**What you should do**. Through the line with "#1=APPLICATION_CONTEXT('core data for" and starting from the first line, return the records below word for word, with pictures left out.

**Data records**.
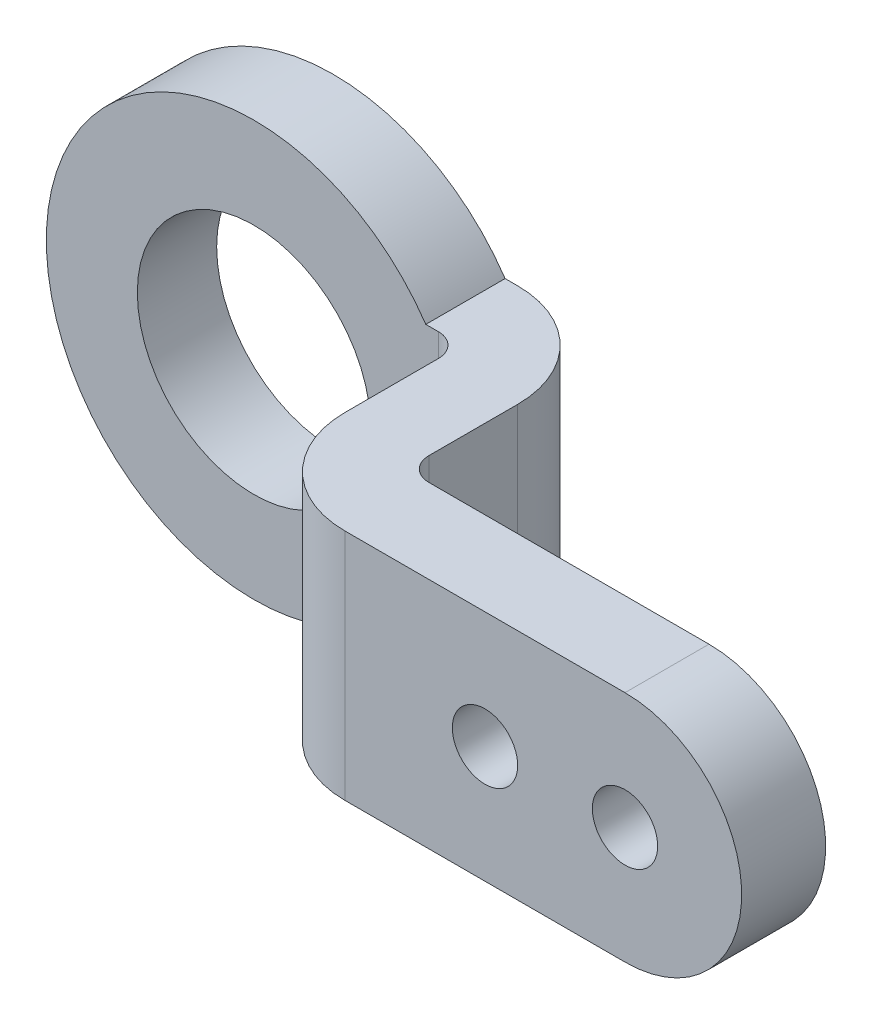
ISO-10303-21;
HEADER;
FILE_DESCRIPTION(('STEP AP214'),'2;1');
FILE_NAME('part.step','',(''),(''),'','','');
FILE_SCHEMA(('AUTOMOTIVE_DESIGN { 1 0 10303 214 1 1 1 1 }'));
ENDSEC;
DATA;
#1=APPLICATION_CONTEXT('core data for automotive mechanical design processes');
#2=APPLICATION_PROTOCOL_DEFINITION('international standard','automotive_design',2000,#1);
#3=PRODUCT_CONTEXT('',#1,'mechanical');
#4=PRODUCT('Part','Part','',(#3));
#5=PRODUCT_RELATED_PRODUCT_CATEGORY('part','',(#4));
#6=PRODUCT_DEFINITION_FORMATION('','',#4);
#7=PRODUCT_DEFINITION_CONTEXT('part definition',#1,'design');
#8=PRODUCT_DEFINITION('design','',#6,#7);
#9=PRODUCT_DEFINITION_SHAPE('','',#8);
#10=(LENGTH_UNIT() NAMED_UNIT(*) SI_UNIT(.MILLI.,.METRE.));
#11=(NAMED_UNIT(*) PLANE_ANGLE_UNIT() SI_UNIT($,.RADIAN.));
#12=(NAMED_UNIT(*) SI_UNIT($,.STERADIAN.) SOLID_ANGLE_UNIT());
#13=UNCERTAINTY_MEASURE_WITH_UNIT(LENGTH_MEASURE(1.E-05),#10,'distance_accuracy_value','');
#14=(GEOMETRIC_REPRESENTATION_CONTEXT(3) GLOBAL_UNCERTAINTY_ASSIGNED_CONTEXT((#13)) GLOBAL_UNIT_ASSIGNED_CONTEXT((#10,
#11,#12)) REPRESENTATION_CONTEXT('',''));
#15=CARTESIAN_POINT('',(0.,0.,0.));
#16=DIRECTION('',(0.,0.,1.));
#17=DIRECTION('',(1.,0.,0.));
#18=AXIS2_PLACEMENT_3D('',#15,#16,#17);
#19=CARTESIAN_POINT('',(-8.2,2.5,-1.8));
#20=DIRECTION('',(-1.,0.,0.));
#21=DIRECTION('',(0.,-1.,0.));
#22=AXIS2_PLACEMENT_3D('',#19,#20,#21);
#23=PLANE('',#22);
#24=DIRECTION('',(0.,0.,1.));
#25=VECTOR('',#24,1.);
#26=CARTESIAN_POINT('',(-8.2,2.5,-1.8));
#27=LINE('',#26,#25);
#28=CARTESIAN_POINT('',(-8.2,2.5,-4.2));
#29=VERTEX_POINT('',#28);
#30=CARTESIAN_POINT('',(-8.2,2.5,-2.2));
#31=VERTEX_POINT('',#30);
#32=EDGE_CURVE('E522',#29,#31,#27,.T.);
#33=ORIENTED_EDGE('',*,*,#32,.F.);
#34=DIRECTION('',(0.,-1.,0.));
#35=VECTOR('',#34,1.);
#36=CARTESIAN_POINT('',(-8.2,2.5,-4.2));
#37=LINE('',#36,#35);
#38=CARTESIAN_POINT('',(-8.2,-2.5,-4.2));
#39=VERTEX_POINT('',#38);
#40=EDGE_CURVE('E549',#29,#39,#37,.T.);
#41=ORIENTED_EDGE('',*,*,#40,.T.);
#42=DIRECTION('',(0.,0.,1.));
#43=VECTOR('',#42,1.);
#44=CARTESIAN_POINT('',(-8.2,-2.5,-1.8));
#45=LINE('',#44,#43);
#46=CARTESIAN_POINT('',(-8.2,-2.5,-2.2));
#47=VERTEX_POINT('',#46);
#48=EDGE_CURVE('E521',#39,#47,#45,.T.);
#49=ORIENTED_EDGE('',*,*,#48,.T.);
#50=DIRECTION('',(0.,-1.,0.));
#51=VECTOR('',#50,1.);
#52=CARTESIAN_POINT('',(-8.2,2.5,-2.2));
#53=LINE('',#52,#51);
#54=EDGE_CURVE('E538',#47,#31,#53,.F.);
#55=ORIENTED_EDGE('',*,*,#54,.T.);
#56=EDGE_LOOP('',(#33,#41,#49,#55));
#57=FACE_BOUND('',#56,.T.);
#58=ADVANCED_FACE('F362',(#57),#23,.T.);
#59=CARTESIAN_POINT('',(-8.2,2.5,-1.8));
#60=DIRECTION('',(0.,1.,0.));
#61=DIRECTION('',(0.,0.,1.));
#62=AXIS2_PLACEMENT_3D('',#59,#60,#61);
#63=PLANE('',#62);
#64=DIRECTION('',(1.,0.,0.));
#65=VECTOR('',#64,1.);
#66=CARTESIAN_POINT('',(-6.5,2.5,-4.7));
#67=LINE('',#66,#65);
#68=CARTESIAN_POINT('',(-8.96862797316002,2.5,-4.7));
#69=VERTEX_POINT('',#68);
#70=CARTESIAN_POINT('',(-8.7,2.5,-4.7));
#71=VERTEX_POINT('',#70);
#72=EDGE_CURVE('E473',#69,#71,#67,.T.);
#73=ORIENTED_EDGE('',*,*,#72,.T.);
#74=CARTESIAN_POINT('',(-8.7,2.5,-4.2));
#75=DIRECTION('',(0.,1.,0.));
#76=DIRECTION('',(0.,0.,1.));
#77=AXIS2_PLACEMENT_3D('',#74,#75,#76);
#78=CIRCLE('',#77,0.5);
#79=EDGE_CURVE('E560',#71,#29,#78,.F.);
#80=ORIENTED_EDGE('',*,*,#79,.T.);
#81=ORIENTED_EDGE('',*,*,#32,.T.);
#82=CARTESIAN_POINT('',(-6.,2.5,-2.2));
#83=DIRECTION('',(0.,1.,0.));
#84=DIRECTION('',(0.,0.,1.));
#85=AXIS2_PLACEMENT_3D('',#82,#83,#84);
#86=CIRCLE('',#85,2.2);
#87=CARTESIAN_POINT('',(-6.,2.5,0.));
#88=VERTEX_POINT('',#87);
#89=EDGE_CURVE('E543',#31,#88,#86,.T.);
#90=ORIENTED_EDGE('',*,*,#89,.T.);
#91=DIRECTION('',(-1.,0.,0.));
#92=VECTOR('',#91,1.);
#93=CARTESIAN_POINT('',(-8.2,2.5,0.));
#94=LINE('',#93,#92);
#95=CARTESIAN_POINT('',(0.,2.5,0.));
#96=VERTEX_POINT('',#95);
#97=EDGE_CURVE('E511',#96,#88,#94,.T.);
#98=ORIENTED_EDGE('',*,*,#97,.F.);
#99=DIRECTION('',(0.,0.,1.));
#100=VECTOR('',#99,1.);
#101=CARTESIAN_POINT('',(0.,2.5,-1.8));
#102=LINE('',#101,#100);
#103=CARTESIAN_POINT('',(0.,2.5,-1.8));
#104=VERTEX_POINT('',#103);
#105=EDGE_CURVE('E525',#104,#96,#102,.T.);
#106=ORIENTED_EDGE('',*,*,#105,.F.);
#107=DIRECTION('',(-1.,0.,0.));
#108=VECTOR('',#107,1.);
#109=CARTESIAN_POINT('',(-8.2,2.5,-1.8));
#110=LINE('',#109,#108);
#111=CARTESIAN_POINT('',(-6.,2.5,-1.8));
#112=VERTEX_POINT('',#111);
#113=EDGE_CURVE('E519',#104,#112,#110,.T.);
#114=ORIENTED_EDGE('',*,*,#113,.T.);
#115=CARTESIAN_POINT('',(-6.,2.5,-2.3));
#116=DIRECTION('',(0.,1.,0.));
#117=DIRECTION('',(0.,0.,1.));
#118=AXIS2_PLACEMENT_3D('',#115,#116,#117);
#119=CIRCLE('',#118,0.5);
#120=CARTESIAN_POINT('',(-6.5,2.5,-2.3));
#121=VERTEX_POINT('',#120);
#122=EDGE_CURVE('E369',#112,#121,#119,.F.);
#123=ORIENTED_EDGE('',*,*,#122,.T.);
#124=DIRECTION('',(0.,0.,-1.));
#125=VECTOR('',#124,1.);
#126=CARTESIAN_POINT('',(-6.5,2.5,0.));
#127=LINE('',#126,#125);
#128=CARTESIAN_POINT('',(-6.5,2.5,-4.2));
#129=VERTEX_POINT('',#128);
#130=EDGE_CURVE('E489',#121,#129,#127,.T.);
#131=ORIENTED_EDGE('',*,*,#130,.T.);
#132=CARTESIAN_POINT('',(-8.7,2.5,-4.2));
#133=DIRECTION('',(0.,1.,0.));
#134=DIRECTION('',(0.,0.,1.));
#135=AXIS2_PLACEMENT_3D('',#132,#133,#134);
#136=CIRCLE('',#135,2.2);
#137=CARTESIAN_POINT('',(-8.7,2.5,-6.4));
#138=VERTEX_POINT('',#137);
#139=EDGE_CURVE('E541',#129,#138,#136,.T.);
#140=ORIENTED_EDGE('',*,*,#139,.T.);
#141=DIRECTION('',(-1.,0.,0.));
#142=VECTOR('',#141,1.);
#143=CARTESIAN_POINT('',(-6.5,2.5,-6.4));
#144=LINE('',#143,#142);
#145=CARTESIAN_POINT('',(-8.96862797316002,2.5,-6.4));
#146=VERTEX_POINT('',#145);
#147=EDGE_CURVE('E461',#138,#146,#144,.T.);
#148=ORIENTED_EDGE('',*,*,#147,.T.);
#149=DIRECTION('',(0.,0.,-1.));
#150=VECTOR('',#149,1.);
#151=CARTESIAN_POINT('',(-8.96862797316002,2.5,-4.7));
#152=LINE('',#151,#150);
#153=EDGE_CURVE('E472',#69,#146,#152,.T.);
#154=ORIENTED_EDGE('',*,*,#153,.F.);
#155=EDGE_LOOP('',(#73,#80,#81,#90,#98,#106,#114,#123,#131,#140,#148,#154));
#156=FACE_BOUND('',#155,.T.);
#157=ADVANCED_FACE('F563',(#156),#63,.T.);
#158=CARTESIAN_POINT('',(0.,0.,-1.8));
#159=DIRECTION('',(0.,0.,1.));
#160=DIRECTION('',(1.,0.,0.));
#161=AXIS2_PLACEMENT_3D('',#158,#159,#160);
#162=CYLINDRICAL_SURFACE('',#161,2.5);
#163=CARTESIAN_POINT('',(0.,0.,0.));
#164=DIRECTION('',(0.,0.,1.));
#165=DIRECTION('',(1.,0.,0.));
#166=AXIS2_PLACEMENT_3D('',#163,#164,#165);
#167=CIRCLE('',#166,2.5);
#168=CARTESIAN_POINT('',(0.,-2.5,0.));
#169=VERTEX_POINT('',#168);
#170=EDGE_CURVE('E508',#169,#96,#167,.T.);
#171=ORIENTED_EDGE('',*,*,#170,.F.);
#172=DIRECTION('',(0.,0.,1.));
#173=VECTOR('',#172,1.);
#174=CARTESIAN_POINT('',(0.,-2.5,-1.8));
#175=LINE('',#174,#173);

**Response to the exercise**.
ISO-10303-21;
HEADER;
FILE_DESCRIPTION(('STEP AP214'),'2;1');
FILE_NAME('part.step','',(''),(''),'','','');
FILE_SCHEMA(('AUTOMOTIVE_DESIGN { 1 0 10303 214 1 1 1 1 }'));
ENDSEC;
DATA;
#1=APPLICATION_CONTEXT('core data for automotive mechanical design processes');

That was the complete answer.